Cheryl could be respelled as Sheryl.
And Christopher could be respelled as Kristopher.

Therefore, in the interest of simplisity, I move that all use of the letter "see" be halted immediately. Klearly, there is no further need for a kompletely usless konsonant in our vernakular. Wouldn't it be nise to have an alphabet with 25 letters. 25 is a square number, it is mathematikally pleasing to have 25 instead of 26 letters.

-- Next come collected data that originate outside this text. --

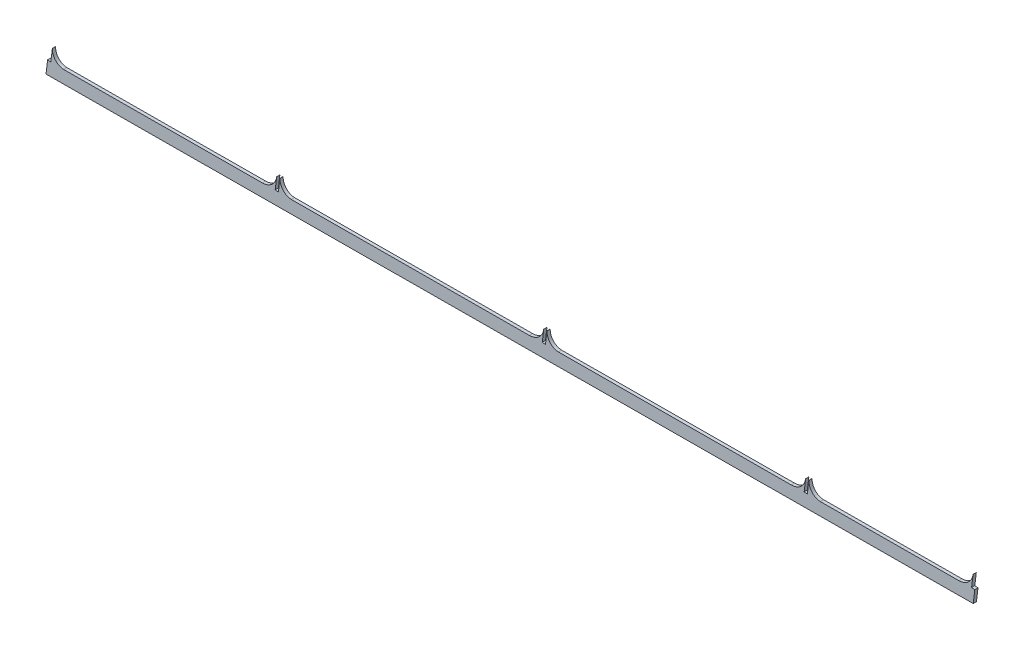
SolidWorks part; units mm, degrees
ref_plane "前视基准面" through (0, 0, 0) normal (0, 0, 1) x (1, 0, 0)
ref_plane "上视基准面" through (0, 0, 0) normal (0, 1, 0) x (1, 0, 0)
ref_plane "右视基准面" through (0, 0, 0) normal (1, 0, 0) x (0, 0, -1)
sketch "Model" plane through (0, 0, 0) normal (0, 0, 1) x (1, 0, 0)
  line L0 (4.1376, 9.8478) -> (580.8731, 12.9956)
  line L1 (7.1252, 17.7991) -> (5.1438, 18.0424)
  line L2 (148.6837, 18.5718) -> (146.7023, 18.815)
  line L3 (314.8061, 19.4785) -> (312.8247, 19.7217)
  line L4 (477.6903, 20.3675) -> (475.709, 20.6108)
  line L5 (581.8481, 20.936) -> (579.8667, 21.1792)
  line L6 (8.1001, 25.7395) -> (7.1252, 17.7991)
  line L7 (5.1438, 18.0424) -> (4.1376, 9.8478)
  line L8 (147.646, 26.5011) -> (146.7023, 18.815)
  line L9 (148.6837, 18.5718) -> (149.6586, 26.5121)
  line L10 (313.7684, 27.4078) -> (312.8247, 19.7217)
  line L11 (314.8061, 19.4785) -> (315.781, 27.4188)
  line L12 (476.6527, 28.2969) -> (475.709, 20.6108)
  line L13 (477.6903, 20.3675) -> (478.6653, 28.3078)
  line L14 (580.8104, 28.8653) -> (579.8667, 21.1792)
  line L15 (581.8481, 20.936) -> (580.8731, 12.9956)
  line L16 (15.125, 17.8428) -> (138.6712, 18.5171)
  line L17 (156.6836, 18.6154) -> (304.7936, 19.4238)
  line L18 (322.8059, 19.5221) -> (467.6779, 20.3128)
  line L19 (485.6902, 20.4111) -> (571.9121, 20.8814)
  arc A0 (8.1001, 25.7395) -> (15.125, 17.8428) centre (15.5451, 25.2895) ccw
  arc A1 (149.6586, 26.5121) -> (156.6836, 18.6154) centre (157.1036, 26.0621) ccw
  arc A2 (315.781, 27.4188) -> (322.8059, 19.5221) centre (323.2259, 26.9688) ccw
  arc A3 (478.6653, 28.3078) -> (485.6902, 20.4111) centre (486.1102, 27.8578) ccw
  arc A4 (138.6712, 18.5171) -> (147.646, 26.5011) centre (138.6986, 27.5226) ccw
  arc A5 (304.7936, 19.4238) -> (313.7684, 27.4078) centre (304.821, 28.4293) ccw
  arc A6 (467.6779, 20.3128) -> (476.6527, 28.2969) centre (467.7053, 29.3184) ccw
  arc A7 (571.9121, 20.8814) -> (580.8104, 28.8653) centre (571.863, 29.8868) ccw
  point P37 (571.9043, 20.8814)
extrude "凸台-拉伸1" add sketch "Model" along normal blind 2 contours A7 L19 A3 L13 L4 L12 A6 L18 A2 L11 L3 L10 A5 L17 A1 L9 L2 L8 A4 L16 A0 L6 L1 L7 L0 L15 L5 L14
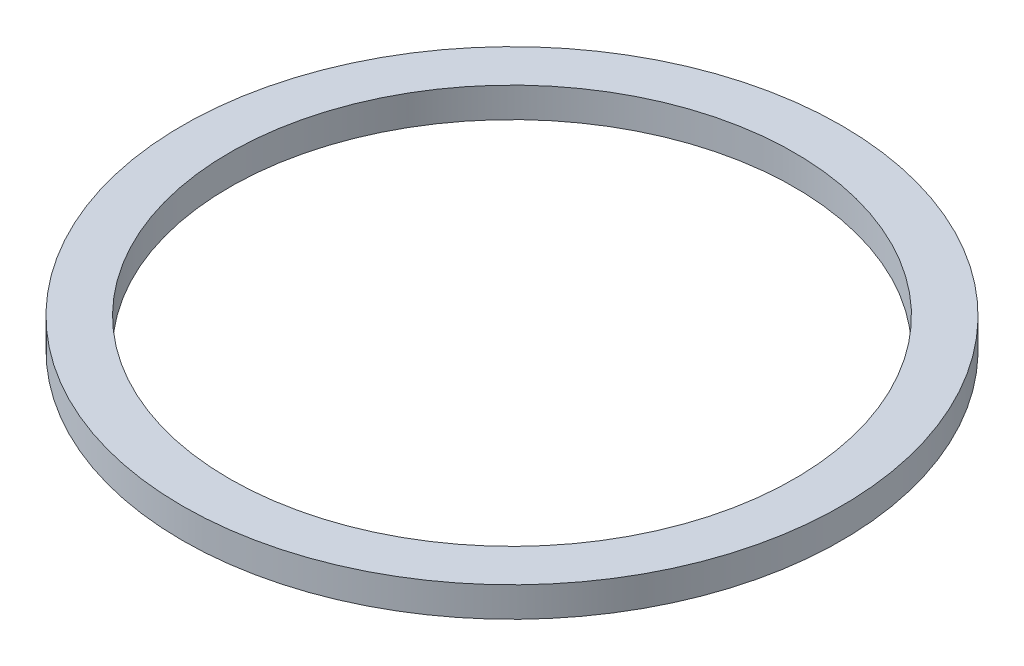
SolidWorks part; units mm, degrees
ref_plane "Front Plane" through (0, 0, 0) normal (0, 0, 1) x (1, 0, 0)
ref_plane "Top Plane" through (0, 0, 0) normal (0, 1, 0) x (1, 0, 0)
ref_plane "Right Plane" through (0, 0, 0) normal (1, 0, 0) x (0, 0, -1)
sketch "Sketch1" plane through (0, 0, 0) normal (0, 1, 0) x (1, 0, 0)
  circle A0 centre (0, 0) radius 17.5
  circle A1 centre (0, 0) radius 15
  dimension "D1" = 35
  dimension "D2" = 30
extrude "Boss-Extrude1" add sketch "Sketch1" along normal blind 1.5875
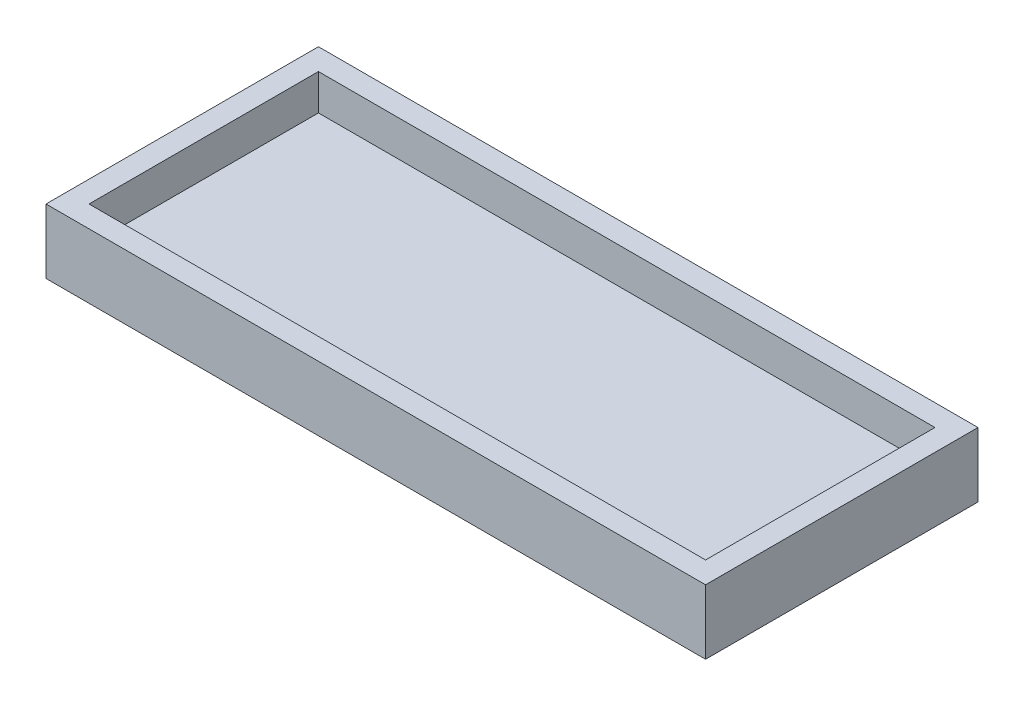
SolidWorks part; units mm, degrees
ref_plane "Front Plane" through (0, 0, 0) normal (0, 0, 1) x (1, 0, 0)
ref_plane "Top Plane" through (0, 0, 0) normal (0, 1, 0) x (1, 0, 0)
ref_plane "Right Plane" through (0, 0, 0) normal (1, 0, 0) x (0, 0, -1)
sketch "Sketch1" plane through (0, 0, 0) normal (0, 1, 0) x (1, 0, 0)
  line L1 (-21.5, 8) -> (21.5, 8)
  line L2 (-21.5, 8) -> (-21.5, -8)
  line L3 (-21.5, -8) -> (21.5, -8)
  line L4 (21.5, 8) -> (21.5, -8)
  line L5 (-21.5, 8) -> (21.5, -8) construction
  line L6 (-21.5, -8) -> (21.5, 8) construction
  point P0 (0, 0)
extrude "Boss-Extrude1" add sketch "Sketch1" along normal blind 2
sketch "Sketch2" plane through (0, 0, 0) normal (0, -1, 0) x (1, 0, 0)
  line L4 (23, -9.5) -> (23, 9.5)
  line L5 (23, 9.5) -> (-23, 9.5)
  line L6 (-23, 9.5) -> (-23, -9.5)
  line L7 (-23, -9.5) -> (23, -9.5)
  line L8 (21.5, -8) -> (21.5, 8)
  line L9 (21.5, 8) -> (-21.5, 8)
  line L10 (-21.5, 8) -> (-21.5, -8)
  line L11 (-21.5, -8) -> (21.5, -8)
  line L12 (21.5, -8) -> (21.5, 8)
  line L13 (21.5, 8) -> (-21.5, 8)
  line L14 (-21.5, 8) -> (-21.5, -8)
  line L15 (-21.5, -8) -> (21.5, -8)
  dimension "D1" = 0
  dimension "D2" = 1.5
extrude "Boss-Extrude4" add sketch "Sketch2" against normal blind 4.5

I am not asking you to throw away your keyboards in antisipation of the new 25-letter keyboards, obvioulsy it will take some time for the "Be Free of 'See'" movement to take off, but I am asking you to do your part. For example: if you send a Kristmas Kard to my brother and his family, write "Kristopher Holland and Family" on it.

That is all for now.
Pease.
Mikal Holland

P.S. I am not a krakpot.

Tuesday, July 10, 2007

after further review...

yeah, you actually can see me and amy in that bruce clip.
i am the one in the front row pumping my fist in the air. and as it zooms in on Bruce when he is saying "Baby if you wanna be wild..." you can see me lean over and say something to amy.
Dude, i don't mean to brag, but I FREAKING RULE.

i can't sleep

Sometimes I wake up at 2 in the morning and I just can not get back to sleep. Right now is one of those times. I try to make good use of the time - working on non-essential projects like my proposed weekly calendar of my favorite comics, cleaning up my email folders, going to websites I visit only periodically (http://www.rachealdavis.com/) catching up on stupid videos on youtube (Len's Steal My Sunshine, Iverson "We talking 'bout practice" rant, freezing a bottle of corona) and filling out rebate forms for Verizon wireless and Ace hardware stores and updating the Buck Hollow Hunting Club blog with pictures and videos from our trip there this past weekend.
Usually my amnesiatic sojourns on the internet are just a way to pass the time and rarely mete out any kind of real enjoyment or produce anything of any real use to me. But today was different.
AS YOU MAY or may not know, I once sat in the front row at a Springsteen concert. YouTube has a video clip of Bruce singing "Candy's Room" from that concert. If you look really really close you can't really see me at all.
So my time spent on line today was not a total waste.